--- What is required ---
Give back, exactly as written, the lines from the first line of the data below through the line with "msp.add_line(p, q, dxfattribs=at)", and omit the pictures.

--- Data provided ---
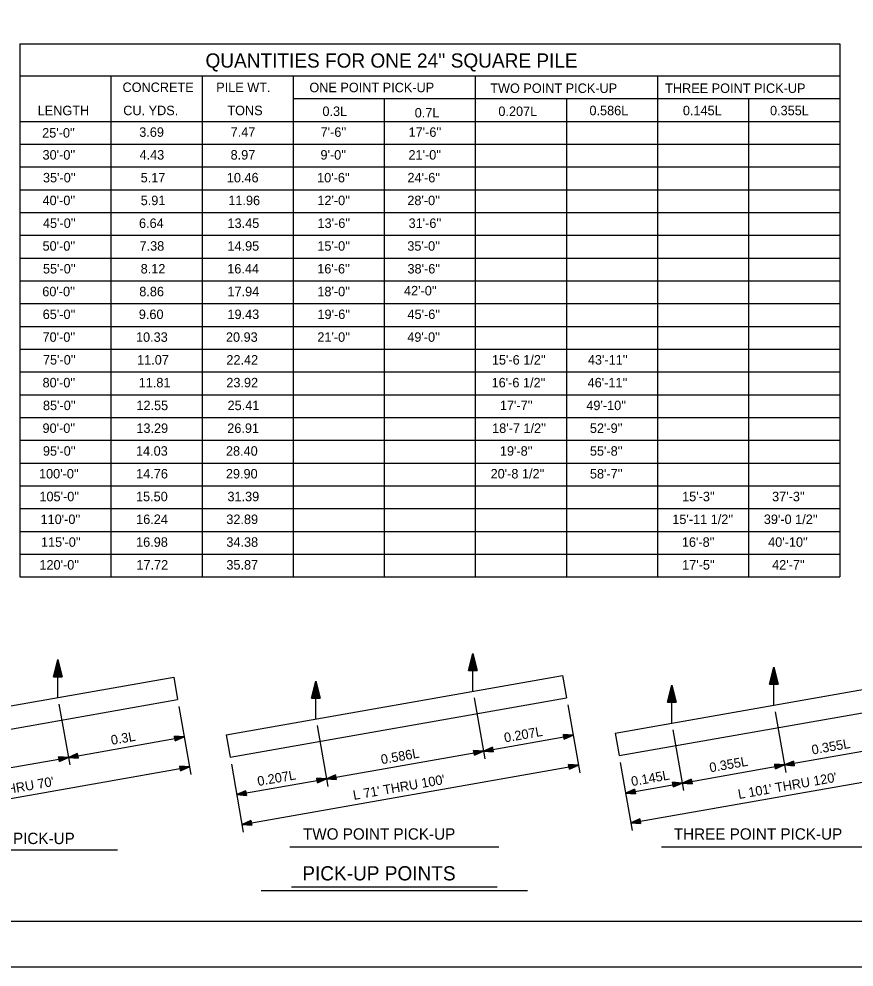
# Model space of a CAD drawing. Extents: x 0 to 22, y 0 to 16.7.
# Drawn here: x 9.1 to 16.43, y 0 to 8.33 of the extents above; entities that cross this region are included whole.
import ezdxf

# ---------------------------------------------------------------- set-up
doc = ezdxf.new("R2010")
doc.units = 0
for name, color, linetype in [('Dimension Lines', 7, 'Continuous'), ('Miscellaneous Lines', 7, 'Continuous'), ('Plan Sheet', 7, 'Continuous'), ('Plot Shape', 7, 'Continuous'), ('Subtitle Text', 7, 'Continuous'), ('Table Border', 7, 'Continuous'), ('Text', 7, 'Continuous'), ('Title Text', 7, 'Continuous')]:
    doc.layers.add(name, color=color, linetype=linetype)

msp = doc.modelspace()

# ---------------------------------------------------------------- linework, layer by layer
at = {"layer": 'Dimension Lines'}
for p, q in [((13.0935, 2.3628), (13.1875, 1.8294)), ((9.4483, 2.3078), (9.5423, 1.7744)), ((10.5011, 2.2875), (10.6061, 1.6919)), ((13.9165, 2.302), (14.0216, 1.7064)), ((15.7374, 2.2412), (15.8315, 1.7078)), ((11.7147, 2.1197), (11.8088, 1.5863)), ((14.8402, 2.083), (14.9342, 1.5496)), ((9.5306, 1.8407), (10.5483, 2.0202)), ((13.1758, 1.8957), (13.9637, 2.0346)), ((15.8198, 1.7742), (16.7171, 1.9324)), ((7.758, 1.5282), (9.5306, 1.8407)), ((11.7971, 1.6526), (13.1758, 1.8957)), ((7.8043, 1.2656), (10.5946, 1.7576)), ((10.9621, 1.7811), (11.0671, 1.1854)), ((11.0556, 1.2511), (14.01, 1.772)), ((14.3775, 1.7955), (14.4825, 1.1999)), ((14.471, 1.2656), (17.2612, 1.7576)), ((14.9225, 1.616), (15.8198, 1.7742)), ((11.0093, 1.5137), (11.7971, 1.6526)), ((14.4247, 1.5282), (14.9225, 1.616))]:
    msp.add_line(p, q, dxfattribs=at)
for points in [[(13.0832, 2.6043), (13.0757, 2.6043), (13.0832, 2.7543), (13.0682, 2.6043), (13.0607, 2.6043), (13.0832, 2.7543), (13.0532, 2.6043), (13.0457, 2.6043), (13.0832, 2.7543), (13.1207, 2.6043), (13.1132, 2.6043), (13.0832, 2.7543), (13.1057, 2.6043), (13.0982, 2.6043), (13.0832, 2.7543), (13.0907, 2.6043), (13.0457, 2.6043), (13.1207, 2.6043), (13.0832, 2.7543), (13.0457, 2.6043)], [(9.438, 2.5493), (9.4305, 2.5493), (9.438, 2.6993), (9.423, 2.5493), (9.4155, 2.5493), (9.438, 2.6993), (9.408, 2.5493), (9.4005, 2.5493), (9.438, 2.6993), (9.4755, 2.5493), (9.468, 2.5493), (9.438, 2.6993), (9.4605, 2.5493), (9.453, 2.5493), (9.438, 2.6993), (9.4455, 2.5493), (9.4005, 2.5493), (9.4755, 2.5493), (9.438, 2.6993), (9.4005, 2.5493)], [(15.7272, 2.4827), (15.7197, 2.4827), (15.7272, 2.6327), (15.7122, 2.4827), (15.7047, 2.4827), (15.7272, 2.6327), (15.6972, 2.4827), (15.6897, 2.4827), (15.7272, 2.6327), (15.7647, 2.4827), (15.7572, 2.4827), (15.7272, 2.6327), (15.7497, 2.4827), (15.7422, 2.4827), (15.7272, 2.6327), (15.7347, 2.4827), (15.6897, 2.4827), (15.7647, 2.4827), (15.7272, 2.6327), (15.6897, 2.4827)], [(11.7045, 2.3612), (11.697, 2.3612), (11.7045, 2.5112), (11.6895, 2.3612), (11.682, 2.3612), (11.7045, 2.5112), (11.6745, 2.3612), (11.667, 2.3612), (11.7045, 2.5112), (11.742, 2.3612), (11.7345, 2.3612), (11.7045, 2.5112), (11.727, 2.3612), (11.7195, 2.3612), (11.7045, 2.5112), (11.712, 2.3612), (11.667, 2.3612), (11.742, 2.3612), (11.7045, 2.5112), (11.667, 2.3612)], [(14.8299, 2.3245), (14.8224, 2.3245), (14.8299, 2.4745), (14.8149, 2.3245), (14.8074, 2.3245), (14.8299, 2.4745), (14.7999, 2.3245), (14.7924, 2.3245), (14.8299, 2.4745), (14.8674, 2.3245), (14.8599, 2.3245), (14.8299, 2.4745), (14.8524, 2.3245), (14.8449, 2.3245), (14.8299, 2.4745), (14.8374, 2.3245), (14.7924, 2.3245), (14.8674, 2.3245), (14.8299, 2.4745), (14.7924, 2.3245)], [(10.4662, 2.0057), (10.4655, 2.0098), (10.5483, 2.0202), (10.4648, 2.0139), (10.464, 2.018), (10.5483, 2.0202), (10.4633, 2.0221), (10.4626, 2.0262), (10.5483, 2.0202), (10.4698, 1.9852), (10.4691, 1.9893), (10.5483, 2.0202), (10.4684, 1.9934), (10.4676, 1.9975), (10.5483, 2.0202), (10.4669, 2.0016), (10.4626, 2.0262), (10.4698, 1.9852), (10.5483, 2.0202), (10.4626, 2.0262)], [(13.8816, 2.0202), (13.8809, 2.0243), (13.9637, 2.0346), (13.8802, 2.0284), (13.8794, 2.0325), (13.9637, 2.0346), (13.8787, 2.0366), (13.878, 2.0407), (13.9637, 2.0346), (13.8852, 1.9996), (13.8845, 2.0038), (13.9637, 2.0346), (13.8838, 2.0079), (13.883, 2.012), (13.9637, 2.0346), (13.8823, 2.0161), (13.878, 2.0407), (13.8852, 1.9996), (13.9637, 2.0346), (13.878, 2.0407)], [(13.2579, 1.9102), (13.2586, 1.9061), (13.1758, 1.8957), (13.2593, 1.902), (13.2601, 1.8979), (13.1758, 1.8957), (13.2608, 1.8938), (13.2615, 1.8897), (13.1758, 1.8957), (13.2543, 1.9307), (13.255, 1.9266), (13.1758, 1.8957), (13.2557, 1.9225), (13.2564, 1.9184), (13.1758, 1.8957), (13.2572, 1.9143), (13.2615, 1.8897), (13.2543, 1.9307), (13.1758, 1.8957), (13.2615, 1.8897)], [(9.4486, 1.8263), (9.4478, 1.8304), (9.5306, 1.8407), (9.4471, 1.8345), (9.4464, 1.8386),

--- Task solution ---
# Model space of a CAD drawing. Extents: x 0 to 22, y 0 to 16.7.
# Drawn here: x 9.1 to 16.43, y 0 to 8.33 of the extents above; entities that cross this region are included whole.
import ezdxf

# ---------------------------------------------------------------- set-up
doc = ezdxf.new("R2010")
doc.units = 0
for name, color, linetype in [('Dimension Lines', 7, 'Continuous'), ('Miscellaneous Lines', 7, 'Continuous'), ('Plan Sheet', 7, 'Continuous'), ('Plot Shape', 7, 'Continuous'), ('Subtitle Text', 7, 'Continuous'), ('Table Border', 7, 'Continuous'), ('Text', 7, 'Continuous'), ('Title Text', 7, 'Continuous')]:
    doc.layers.add(name, color=color, linetype=linetype)

msp = doc.modelspace()

# ---------------------------------------------------------------- linework, layer by layer
at = {"layer": 'Dimension Lines'}
for p, q in [((13.0935, 2.3628), (13.1875, 1.8294)), ((9.4483, 2.3078), (9.5423, 1.7744)), ((10.5011, 2.2875), (10.6061, 1.6919)), ((13.9165, 2.302), (14.0216, 1.7064)), ((15.7374, 2.2412), (15.8315, 1.7078)), ((11.7147, 2.1197), (11.8088, 1.5863)), ((14.8402, 2.083), (14.9342, 1.5496)), ((9.5306, 1.8407), (10.5483, 2.0202)), ((13.1758, 1.8957), (13.9637, 2.0346)), ((15.8198, 1.7742), (16.7171, 1.9324)), ((7.758, 1.5282), (9.5306, 1.8407)), ((11.7971, 1.6526), (13.1758, 1.8957)), ((7.8043, 1.2656), (10.5946, 1.7576)), ((10.9621, 1.7811), (11.0671, 1.1854)), ((11.0556, 1.2511), (14.01, 1.772)), ((14.3775, 1.7955), (14.4825, 1.1999)), ((14.471, 1.2656), (17.2612, 1.7576)), ((14.9225, 1.616), (15.8198, 1.7742)), ((11.0093, 1.5137), (11.7971, 1.6526)), ((14.4247, 1.5282), (14.9225, 1.616))]:
    msp.add_line(p, q, dxfattribs=at)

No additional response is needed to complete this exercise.